- Assignment -
What is printed must match, line for line, the records from their first line through the line containing "color=color, linetype=linetype, lineweight=lineweight)", with pictures left out.

Source records
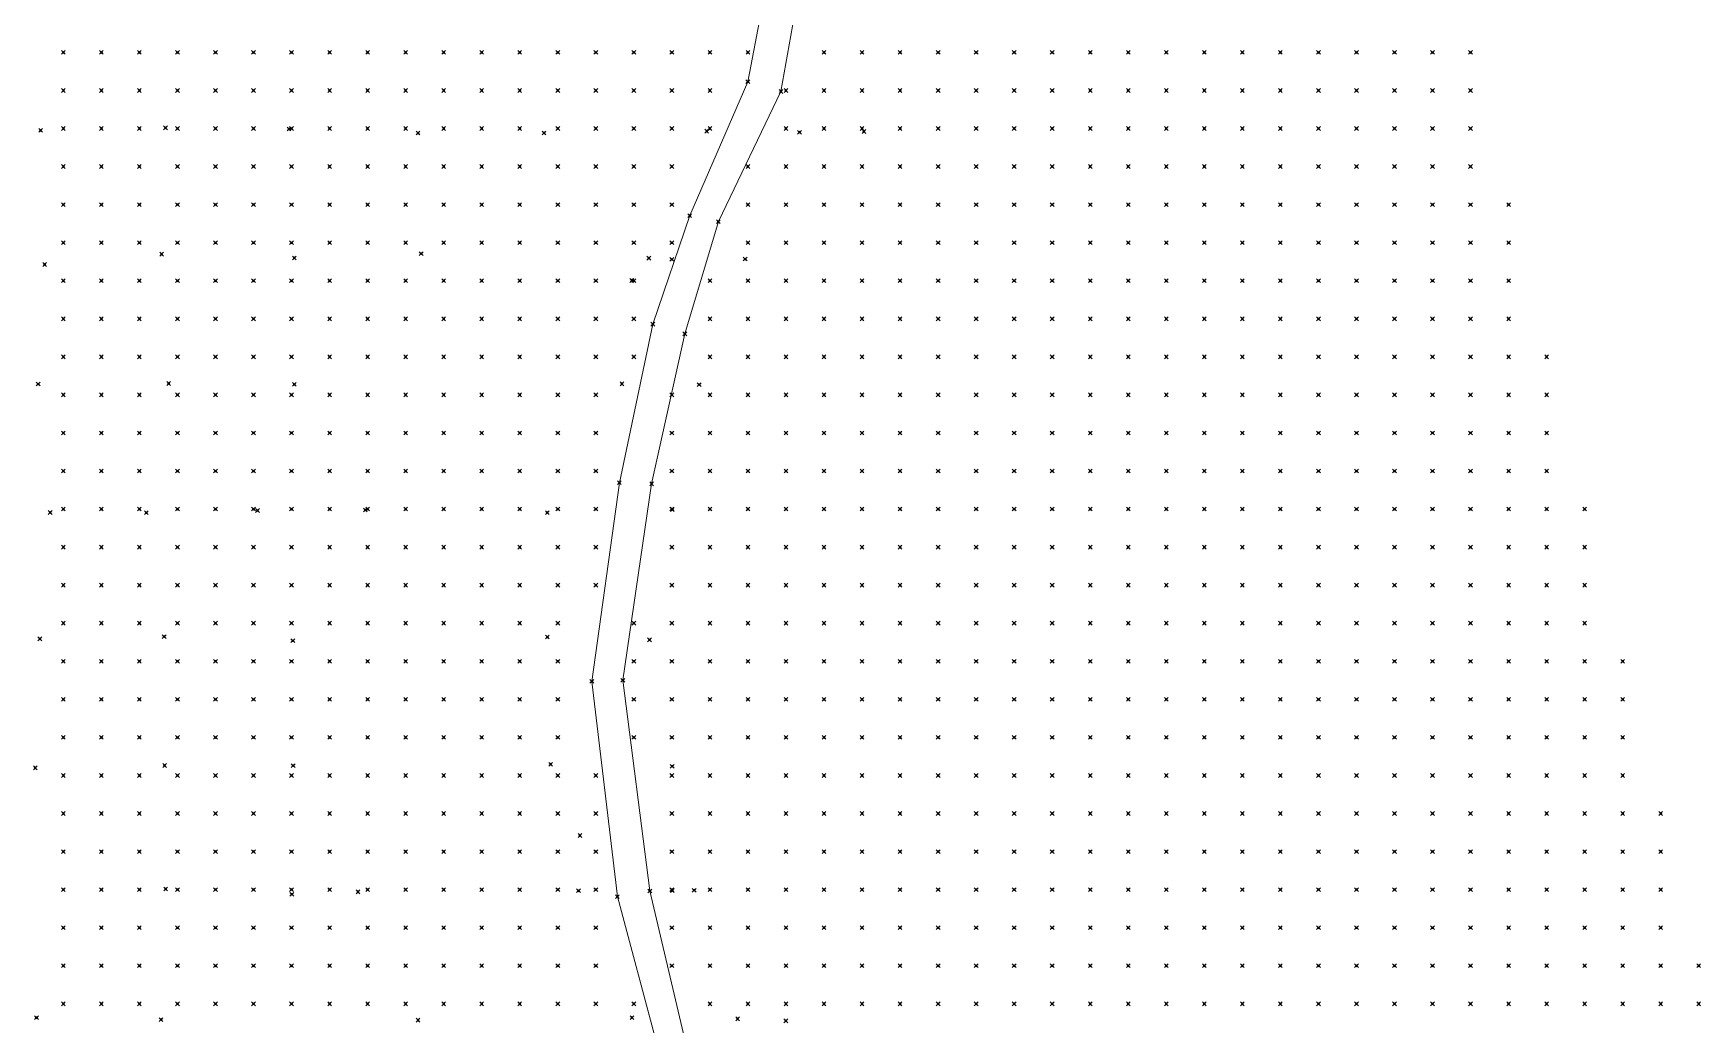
# Model space of a CAD drawing. Header units: metres. Extents: x 441556 to 446409, y 432338 to 461058.
# Drawn here: x 444312.1 to 444443.6, y 446249.8 to 446327.9 of the extents above; entities that cross this region are included whole.
import ezdxf

# ---------------------------------------------------------------- set-up
doc = ezdxf.new("R2010")
doc.units = ezdxf.units.M
doc.header["$MEASUREMENT"] = 0
doc.header["$PDMODE"] = 35
doc.header["$PDSIZE"] = 0.15
for name, color, linetype, lineweight in [('DTM-BRE-RevN_GRP_DRUM PAMANT', 2, 'Continuous', 0), ('DTM-NOK-RevN_LIDAR_co_lidar', 91, 'Continuous', 0), ('DTM-NOK-RevN_RTK', 32, 'Continuous', 0)]:
    doc.layers.add(name, color=color, linetype=linetype, lineweight=lineweight)

msp = doc.modelspace()

# ---------------------------------------------------------------- linework, layer by layer
at = {"layer": 'DTM-BRE-RevN_GRP_DRUM PAMANT'}
for p, q in [((444373.118, 446334.753, 363.944), (444371.083, 446323.311, 363.702)), ((444368.474, 446324.08, 363.705), (444370.367, 446334.065, 363.866)), ((444363.891, 446313.528, 363.395), (444368.474, 446324.08, 363.705)), ((444371.083, 446323.311, 363.702), (444366.147, 446313.05, 363.395)), ((444360.985, 446304.97, 362.835), (444363.891, 446313.528, 363.395)), ((444366.147, 446313.05, 363.395), (444363.503, 446304.209, 362.66)), ((444358.34, 446292.478, 361.592), (444360.985, 446304.97, 362.835)), ((444363.503, 446304.209, 362.66), (444360.887, 446292.388, 361.582)), ((444356.176, 446276.817, 360.312), (444358.34, 446292.478, 361.592)), ((444360.887, 446292.388, 361.582), (444358.619, 446276.902, 360.21)), ((444358.619, 446276.902, 360.21), (444360.743, 446260.303, 359.024)), ((444358.184, 446259.856, 359.123), (444356.176, 446276.817, 360.312)), ((444361.329, 446248.148, 358.236), (444358.184, 446259.856, 359.123)), ((444360.743, 446260.303, 359.024), (444363.394, 446249.03, 358.2))]:
    msp.add_line(p, q, dxfattribs=at)
at = {"layer": 'DTM-NOK-RevN_LIDAR_co_lidar'}
for p in [(444314.494, 446326.39, 348.66), (444317.493, 446326.39, 349.108), (444320.492, 446326.39, 349.748), (444323.492, 446326.39, 350.413), (444326.491, 446326.39, 351.05), (444329.49, 446326.39, 351.723), (444332.49, 446326.39, 352.394), (444335.489, 446326.39, 353.072), (444338.488, 446326.39, 353.804), (444341.488, 446326.39, 354.592), (444344.487, 446326.39, 355.461), (444347.486, 446326.39, 356.098), (444350.486, 446326.39, 356.619), (444353.485, 446326.39, 357.369), (444356.484, 446326.39, 358.272), (444359.484, 446326.39, 359.406), (444362.483, 446326.39, 360.255), (444365.482, 446326.39, 361.943), (444368.482, 446326.39, 363.541), (444374.48, 446326.39, 364.202), (444377.48, 446326.39, 364.815), (444380.479, 446326.39, 365.453), (444383.478, 446326.39, 366.742), (444386.478, 446326.39, 368.461), (444389.477, 446326.39, 370.371), (444392.476, 446326.39, 372.149), (444395.476, 446326.39, 374.183), (444398.475, 446326.39, 376.583), (444401.474, 446326.39, 378.873), (444404.474, 446326.39, 381.075), (444407.473, 446326.39, 383.141), (444410.473, 446326.39, 385.09), (444413.472, 446326.39, 387.048), (444416.471, 446326.39, 389.353), (444419.471, 446326.39, 391.898), (444422.47, 446326.39, 394.113), (444425.469, 446326.39, 394.148), (444314.494, 446323.39, 348.711), (444317.493, 446323.39, 349.199), (444320.492, 446323.39, 349.805), (444323.492, 446323.39, 350.42), (444326.491, 446323.39, 351.055), (444329.49, 446323.39, 351.739), (444332.49, 446323.39, 352.41), (444335.489, 446323.39, 353.083), (444338.488, 446323.39, 353.795), (444341.488, 446323.39, 354.582), (444344.487, 446323.39, 355.501), (444347.486, 446323.39, 356.189), (444350.486, 446323.39, 356.729), (444353.485, 446323.39, 357.507), (444356.484, 446323.39, 358.541), (444359.484, 446323.39, 359.668), (444362.483, 446323.39, 360.914), (444365.482, 446323.39, 363.095), (444371.481, 446323.39, 363.72), (444374.48, 446323.39, 364.437), (444377.48, 446323.39, 364.936), (444380.479, 446323.39, 365.733), (444383.478, 446323.39, 367.378), (444386.478, 446323.39, 369.291), (444389.477, 446323.39, 371.149), (444392.476, 446323.39, 372.998), (444395.476, 446323.39, 374.888), (444398.475, 446323.39, 376.907), (444401.474, 446323.39, 379.276), (444404.474, 446323.39, 381.986), (444407.473, 446323.39, 384.37), (444410.473, 446323.39, 386.158), (444413.472, 446323.39, 388.311), (444416.471, 446323.39, 390.652), (444419.471, 446323.39, 393.217), (444422.47, 446323.39, 395.296), (444425.469, 446323.39, 395.431), (444314.494, 446320.391, 348.746), (444317.493, 446320.391, 349.309), (444320.492, 446320.391, 349.897), (444323.492, 446320.391, 350.496), (444326.491, 446320.391, 351.092), (444329.49, 446320.391, 351.693), (444332.49, 446320.391, 352.356), (444335.489, 446320.391, 353.051), (444338.488, 446320.391, 353.758), (444341.488, 446320.391, 354.563), (444344.487, 446320.391, 355.39), (444347.486, 446320.391, 356.162), (444350.486, 446320.391, 356.939), (444353.485, 446320.391, 357.75), (444356.484, 446320.391, 358.742), (444359.484, 446320.391, 360.09), (444362.483, 446320.391, 362.011), (444365.482, 446320.391, 363.384), (444371.481, 446320.391, 363.846), (444374.48, 446320.391, 364.763), (444377.48, 446320.391, 365.178), (444380.479, 446320.391, 366.23), (444383.478, 446320.391, 367.945), (444386.478, 446320.391, 369.829), (444389.477, 446320.391, 371.515), (444392.476, 446320.391, 373.28), (444395.476, 446320.391, 375.352), (444398.475, 446320.391, 377.436), (444401.474, 446320.391, 380.132), (444404.474, 446320.391, 383.561), (444407.473, 446320.391, 385.898), (444410.473, 446320.391, 387.596), (444413.472, 446320.391, 389.912), (444416.471, 446320.391, 392.256), (444419.471, 446320.391, 394.36), (444422.47, 446320.391, 396.17), (444425.469, 446320.391, 396.455), (444314.494, 446317.392, 348.781), (444317.493, 446317.392, 349.382), (444320.492, 446317.392, 349.962), (444323.492, 446317.392, 350.536), (444326.491, 446317.392, 351.083), (444329.49, 446317.392, 351.646), (444332.49, 446317.392, 352.251), (444335.489, 446317.392, 352.857), (444338.488, 446317.392, 353.568), (444341.488, 446317.392, 354.427), (444344.487, 446317.392, 355.27), (444347.486, 446317.392, 356.157), (444350.486, 446317.392, 357.164), (444353.485, 446317.392, 357.909), (444356.484, 446317.392, 359.005), (444359.484, 446317.392, 360.814), (444362.483, 446317.392, 362.775), (444368.482, 446317.392, 363.486), (444371.481, 446317.392, 364.288), (444374.48, 446317.392, 365.191), (444377.48, 446317.392, 365.564), (444380.479, 446317.392, 366.59), (444383.478, 446317.392, 368.2), (444386.478, 446317.392, 370.062), (444389.477, 446317.392, 371.647), (444392.476, 446317.392, 373.362), (444395.476, 446317.392, 375.64), (444398.475, 446317.392, 378.123), (444401.474, 446317.392, 381.343), (444404.474, 446317.392, 384.855), (444407.473, 446317.392, 386.78), (444410.473, 446317.392, 388.847), (444413.472, 446317.392, 390.875), (444416.471, 446317.392, 393.552), (444419.471, 446317.392, 395.232), (444422.47, 446317.392, 396.726), (444425.469, 446317.392, 397.816), (444314.494, 446314.392, 348.769), (444317.493, 446314.392, 349.266), (444320.492, 446314.392, 349.793), (444323.492, 446314.392, 350.396), (444326.491, 446314.392, 350.964), (444329.49, 446314.392, 351.472), (444332.49, 446314.392, 352.004), (444335.489, 446314.392, 352.582), (444338.488, 446314.392, 353.323), (444341.488, 446314.392, 354.239), (444344.487, 446314.392, 355.162), (444347.486, 446314.392, 356.253), (444350.486, 446314.392, 357.359), (444353.485, 446314.392, 358.114), (444356.484, 446314.392, 359.692), (444359.484, 446314.392, 361.687), (444362.483, 446314.392, 363.419), (444368.482, 446314.392, 363.697), (444371.481, 446314.392, 365.036), (444374.48, 446314.392, 365.884), (444377.48, 446314.392, 366.121), (444380.479, 446314.392, 367.032), (444383.478, 446314.392, 368.583), (444386.478, 446314.392, 370.205), (444389.477, 446314.392, 371.656), (444392.476, 446314.392, 373.31), (444395.476, 446314.392, 375.587), (444398.475, 446314.392, 378.478), (444401.474, 446314.392, 381.568), (444404.474, 446314.392, 384.478), (444407.473, 446314.392, 387.086), (444410.473, 446314.392, 389.276), (444413.472, 446314.392, 391.48), (444416.471, 446314.392, 393.435), (444419.471, 446314.392, 395.092), (444422.47, 446314.392, 396.823), (444425.469, 446314.392, 398.279), (444428.469, 446314.392, 399.114), (444314.494, 446311.393, 348.857), (444317.493, 446311.393, 349.158), (444320.492, 446311.393, 349.562), (444323.492, 446311.393, 350.104), (444326.491, 446311.393, 350.674), (444329.49, 446311.393, 351.194), (444332.49, 446311.393, 351.727), (444335.489, 446311.393, 352.322), (444338.488, 446311.393, 353.054), (444341.488, 446311.393, 354.019), (444344.487, 446311.393, 355.16), (444347.486, 446311.393, 356.532), (444350.486, 446311.393, 357.507), (444353.485, 446311.393, 358.389), (444356.484, 446311.393, 360.286), (444359.484, 446311.393, 362.423), (444362.483, 446311.393, 363.208), (444368.482, 446311.393, 364.052), (444371.481, 446311.393, 365.658), (444374.48, 446311.393, 366.649), (444377.48, 446311.393, 367.094), (444380.479, 446311.393, 367.923), (444383.478, 446311.393, 369.969), (444386.478, 446311.393, 371.069), (444389.477, 446311.393, 372.096), (444392.476, 446311.393, 373.521), (444395.476, 446311.393, 375.637), (444398.475, 446311.393, 378.529), (444401.474, 446311.393, 381.426), (444404.474, 446311.393, 384.16), (444407.473, 446311.393, 386.532), (444410.473, 446311.393, 388.891), (444413.472, 446311.393, 391.399), (444416.471, 446311.393, 393.189), (444419.471, 446311.393, 394.768), (444422.47, 446311.393, 396.395), (444425.469, 446311.393, 398.156), (444428.469, 446311.393, 399.446), (444314.494, 446308.394, 348.763), (444317.493, 446308.394, 348.983), (444320.492, 446308.394, 349.268), (444323.492, 446308.394, 349.707), (444326.491, 446308.394, 350.214), (444329.49, 446308.394, 350.715), (444332.49, 446308.394, 351.291), (444335.489, 446308.394, 352.009), (444338.488, 446308.394, 352.842), (444341.488, 446308.394, 353.858), (444344.487, 446308.394, 355.104), (444347.486, 446308.394, 356.571), (444350.486, 446308.394, 357.65), (444353.485, 446308.394, 358.88), (444356.484, 446308.394, 361.016), (444359.484, 446308.394, 362.874), (444365.482, 446308.394, 363.122), (444368.482, 446308.394, 364.473), (444371.481, 446308.394, 366.34), (444374.48, 446308.394, 367.411), (444377.48, 446308.394, 368.19), (444380.479, 446308.394, 369.267), (444383.478, 446308.394, 370.794), (444386.478, 446308.394, 371.998), (444389.477, 446308.394, 373.306), (444392.476, 446308.394, 374.834), (444395.476, 446308.394, 376.277), (444398.475, 446308.394, 378.524), (444401.474, 446308.394, 381.369), (444404.474, 446308.394, 383.772), (444407.473, 446308.394, 386.23), (444410.473, 446308.394, 387.969), (444413.472, 446308.394, 390.321), (444416.471, 446308.394, 392.582), (444419.471, 446308.394, 394.166), (444422.47, 446308.394, 395.962), (444425.469, 446308.394, 397.876), (444428.469, 446308.394, 399.419), (444314.494, 446305.394, 348.414), (444317.493, 446305.394, 348.649), (444320.492, 446305.394, 348.867), (444323.492, 446305.394, 349.286), (444326.491, 446305.394, 349.819), (444329.49, 446305.394, 350.369), (444332.49, 446305.394, 350.926), (444335.489, 446305.394, 351.6), (444338.488, 446305.394, 352.543), (444341.488, 446305.394, 353.744), (444344.487, 446305.394, 355.085), (444347.486, 446305.394, 356.401), (444350.486, 446305.394, 357.908), (444353.485, 446305.394, 359.121), (444356.484, 446305.394, 361.172), (444359.484, 446305.394, 362.765), (444365.482, 446305.394, 363.063), (444368.482, 446305.394, 365.036), (444371.481, 446305.394, 366.987), (444374.48, 446305.394, 368.078), (444377.48, 446305.394, 368.929), (444380.479, 446305.394, 370.517), (444383.478, 446305.394, 372.533), (444386.478, 446305.394, 373.866), (444389.477, 446305.394, 374.84), (444392.476, 446305.394, 375.893), (444395.476, 446305.394, 377.115), (444398.475, 446305.394, 378.735), (444401.474, 446305.394, 380.961), (444404.474, 446305.394, 383.313), (444407.473, 446305.394, 385.15), (444410.473, 446305.394, 387.126), (444413.472, 446305.394, 389.222), (444416.471, 446305.394, 391.411), (444419.471, 446305.394, 393.171), (444422.47, 446305.394, 395.326), (444425.469, 446305.394, 397.374), (444428.469, 446305.394, 399.038), (444314.494, 446302.395, 348.102), (444317.493, 446302.395, 348.39), (444320.492, 446302.395, 348.613), (444323.492, 446302.395, 348.963), (444326.491, 446302.395, 349.438), (444329.49, 446302.395, 350.008), (444332.49, 446302.395, 350.578), (444335.489, 446302.395, 351.194), (444338.488, 446302.395, 352.191), (444341.488, 446302.395, 353.558), (444344.487, 446302.395, 354.896), (444347.486, 446302.395, 356.259), (444350.486, 446302.395, 358.106), (444353.485, 446302.395, 359.221), (444356.484, 446302.395, 361.035), (444359.484, 446302.395, 362.454), (444365.482, 446302.395, 363.454), (444368.482, 446302.395, 365.584), (444371.481, 446302.395, 367.403), (444374.48, 446302.395, 368.842), (444377.48, 446302.395, 369.622), (444380.479, 446302.395, 370.961), (444383.478, 446302.395, 373.226), (444386.478, 446302.395, 374.93), (444389.477, 446302.395, 376.039), (444392.476, 446302.395, 377.214), (444395.476, 446302.395, 378.432), (444398.475, 446302.395, 379.77), (444401.474, 446302.395, 381.33), (444404.474, 446302.395, 382.827), (444407.473, 446302.395, 384.582), (444410.473, 446302.395, 386.889), (444413.472, 446302.395, 388.711), (444416.471, 446302.395, 390.475), (444419.471, 446302.395, 392.349), (444422.47, 446302.395, 394.158), (444425.469, 446302.395, 396.513), (444428.469, 446302.395, 398.317), (444431.468, 446302.395, 400.016), (444314.494, 446299.396, 347.749), (444317.493, 446299.396, 348.14), (444320.492, 446299.396, 348.468), (444323.492, 446299.396, 348.772), (444326.491, 446299.396, 349.13), (444329.49, 446299.396, 349.629), (444332.49, 446299.396, 350.249), (444335.489, 446299.396, 350.944), (444338.488, 446299.396, 351.89), (444341.488, 446299.396, 353.145), (444344.487, 446299.396, 354.575), (444347.486, 446299.396, 356.437), (444350.486, 446299.396, 358.259), (444353.485, 446299.396, 359.29), (444356.484, 446299.396, 361.237), (444362.483, 446299.396, 362.341), (444365.482, 446299.396, 364.084), (444368.482, 446299.396, 365.819), (444371.481, 446299.396, 367.721), (444374.48, 446299.396, 369.246), (444377.48, 446299.396, 370.513), (444380.479, 446299.396, 372.167), (444383.478, 446299.396, 373.205), (444386.478, 446299.396, 374.456), (444389.477, 446299.396, 376.128), (444392.476, 446299.396, 377.858), (444395.476, 446299.396, 379.482), (444398.475, 446299.396, 381.137), (444401.474, 446299.396, 382.891), (444404.474, 446299.396, 384.511), (444407.473, 446299.396, 386.207), (444410.473, 446299.396, 388.204), (444413.472, 446299.396, 389.834), (444416.471, 446299.396, 391.14), (444419.471, 446299.396, 392.943), (444422.47, 446299.396, 394.231), (444425.469, 446299.396, 396.079), (444428.469, 446299.396, 398.052), (444431.468, 446299.396, 400.057), (444314.494, 446296.396, 347.502), (444317.493, 446296.396, 347.803), (444320.492, 446296.396, 348.111), (444323.492, 446296.396, 348.367), (444326.491, 446296.396, 348.505), (444329.49, 446296.396, 348.818), (444332.49, 446296.396, 349.438), (444335.489, 446296.396, 350.251), (444338.488, 446296.396, 351.269), (444341.488, 446296.396, 352.613), (444344.487, 446296.396, 354.412), (444347.486, 446296.396, 356.221), (444350.486, 446296.396, 358.252), (444353.485, 446296.396, 359.405), (444356.484, 446296.396, 361.106), (444362.483, 446296.396, 362.183), (444365.482, 446296.396, 363.862), (444368.482, 446296.396, 365.95), (444371.481, 446296.396, 367.884), (444374.48, 446296.396, 369.62), (444377.48, 446296.396, 371.151), (444380.479, 446296.396, 372.564), (444383.478, 446296.396, 374.089), (444386.478, 446296.396, 375.939), (444389.477, 446296.396, 377.258), (444392.476, 446296.396, 378.207), (444395.476, 446296.396, 379.691), (444398.475, 446296.396, 381.466), (444401.474, 446296.396, 383.118), (444404.474, 446296.396, 385.042), (444407.473, 446296.396, 387.023), (444410.473, 446296.396, 388.598), (444413.472, 446296.396, 390.199), (444416.471, 446296.396, 391.489), (444419.471, 446296.396, 392.886), (444422.47, 446296.396, 394.469), (444425.469, 446296.396, 395.875), (444428.469, 446296.396, 397.409), (444431.468, 446296.396, 399.313), (444314.494, 446293.397, 347.041), (444317.493, 446293.397, 347.224), (444320.492, 446293.397, 347.347), (444323.492, 446293.397, 347.574), (444326.491, 446293.397, 347.843), (444329.49, 446293.397, 348.202), (444332.49, 446293.397, 348.783), (444335.489, 446293.397, 349.528), (444338.488, 446293.397, 350.502), (444341.488, 446293.397, 351.952), (444344.487, 446293.397, 353.883), (444347.486, 446293.397, 355.966), (444350.486, 446293.397, 358.046), (444353.485, 446293.397, 359.577), (444356.484, 446293.397, 360.68), (444362.483, 446293.397, 361.928), (444365.482, 446293.397, 364.042), (444368.482, 446293.397, 365.667), (444371.481, 446293.397, 367.69), (444374.48, 446293.397, 369.892), (444377.48, 446293.397, 371.703), (444380.479, 446293.397, 373.2), (444383.478, 446293.397, 374.495), (444386.478, 446293.397, 375.957), (444389.477, 446293.397, 377.578), (444392.476, 446293.397, 379.044), (444395.476, 446293.397, 380.336), (444398.475, 446293.397, 381.764), (444401.474, 446293.397, 383.4), (444404.474, 446293.397, 385.056), (444407.473, 446293.397, 386.694), (444410.473, 446293.397, 388.315), (444413.472, 446293.397, 389.921), (444416.471, 446293.397, 391.054), (444419.471, 446293.397, 392.123), (444422.47, 446293.397, 393.721), (444425.469, 446293.397, 395.106), (444428.469, 446293.397, 396.478), (444431.468, 446293.397, 397.909), (444314.494, 446290.398, 346.471), (444317.493, 446290.398, 346.573), (444320.492, 446290.398, 346.681), (444323.492, 446290.398, 346.885), (444326.491, 446290.398, 347.128), (444329.49, 446290.398, 347.588), (444332.49, 446290.398, 348.34), (444335.489, 446290.398, 349.225), (444338.488, 446290.398, 350.321), (444341.488, 446290.398, 351.862), (444344.487, 446290.398, 353.862), (444347.486, 446290.398, 355.887), (444350.486, 446290.398, 357.919), (444353.485, 446290.398, 359.652), (444356.484, 446290.398, 360.521), (444362.483, 446290.398, 361.737), (444365.482, 446290.398, 363.715), (444368.482, 446290.398, 365.525), (444371.481, 446290.398, 367.865), (444374.48, 446290.398, 370.249), (444377.48, 446290.398, 372.175), (444380.479, 446290.398, 374.178), (444383.478, 446290.398, 375.628), (444386.478, 446290.398, 376.752), (444389.477, 446290.398, 377.895), (444392.476, 446290.398, 379.123), (444395.476, 446290.398, 380.402), (444398.475, 446290.398, 381.68), (444401.474, 446290.398, 382.994), (444404.474, 446290.398, 384.664), (444407.473, 446290.398, 386.661), (444410.473, 446290.398, 388.121), (444413.472, 446290.398, 389.391), (444416.471, 446290.398, 390.816), (444419.471, 446290.398, 392.193), (444422.47, 446290.398, 393.489), (444425.469, 446290.398, 394.943), (444428.469, 446290.398, 396.349), (444431.468, 446290.398, 397.939), (444434.467, 446290.398, 399.262), (444314.494, 446287.398, 345.925), (444317.493, 446287.398, 346.096), (444320.492, 446287.398, 346.352), (444323.492, 446287.398, 346.576), (444326.491, 446287.398, 346.798), (444329.49, 446287.398, 347.191), (444332.49, 446287.398, 347.86), (444335.489, 446287.398, 348.832), (444338.488, 446287.398, 350.134), (444341.488, 446287.398, 351.799), (444344.487, 446287.398, 353.701), (444347.486, 446287.398, 355.618), (444350.486, 446287.398, 357.908), (444353.485, 446287.398, 359.597), (444356.484, 446287.398, 360.439), (444362.483, 446287.398, 361.695), (444365.482, 446287.398, 363.841), (444368.482, 446287.398, 365.851), (444371.481, 446287.398, 368.112), (444374.48, 446287.398, 370.186), (444377.48, 446287.398, 372.144), (444380.479, 446287.398, 373.694), (444383.478, 446287.398, 375.186), (444386.478, 446287.398, 376.67), (444389.477, 446287.398, 378.107), (444392.476, 446287.398, 379.421), (444395.476, 446287.398, 380.659), (444398.475, 446287.398, 382.053), (444401.474, 446287.398, 383.641), (444404.474, 446287.398, 385.318), (444407.473, 446287.398, 386.927), (444410.473, 446287.398, 388.203), (444413.472, 446287.398, 389.661), (444416.471, 446287.398, 390.952), (444419.471, 446287.398, 392.234), (444422.47, 446287.398, 393.685), (444425.469, 446287.398, 394.827), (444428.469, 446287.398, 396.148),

- Solution for this problem -
# Model space of a CAD drawing. Header units: metres. Extents: x 441556 to 446409, y 432338 to 461058.
# Drawn here: x 444312.1 to 444443.6, y 446249.8 to 446327.9 of the extents above; entities that cross this region are included whole.
import ezdxf

# ---------------------------------------------------------------- set-up
doc = ezdxf.new("R2010")
doc.units = ezdxf.units.M
doc.header["$MEASUREMENT"] = 0
doc.header["$PDMODE"] = 35
doc.header["$PDSIZE"] = 0.15
for name, color, linetype, lineweight in [('DTM-BRE-RevN_GRP_DRUM PAMANT', 2, 'Continuous', 0), ('DTM-NOK-RevN_LIDAR_co_lidar', 91, 'Continuous', 0), ('DTM-NOK-RevN_RTK', 32, 'Continuous', 0)]:
    doc.layers.add(name, color=color, linetype=linetype, lineweight=lineweight)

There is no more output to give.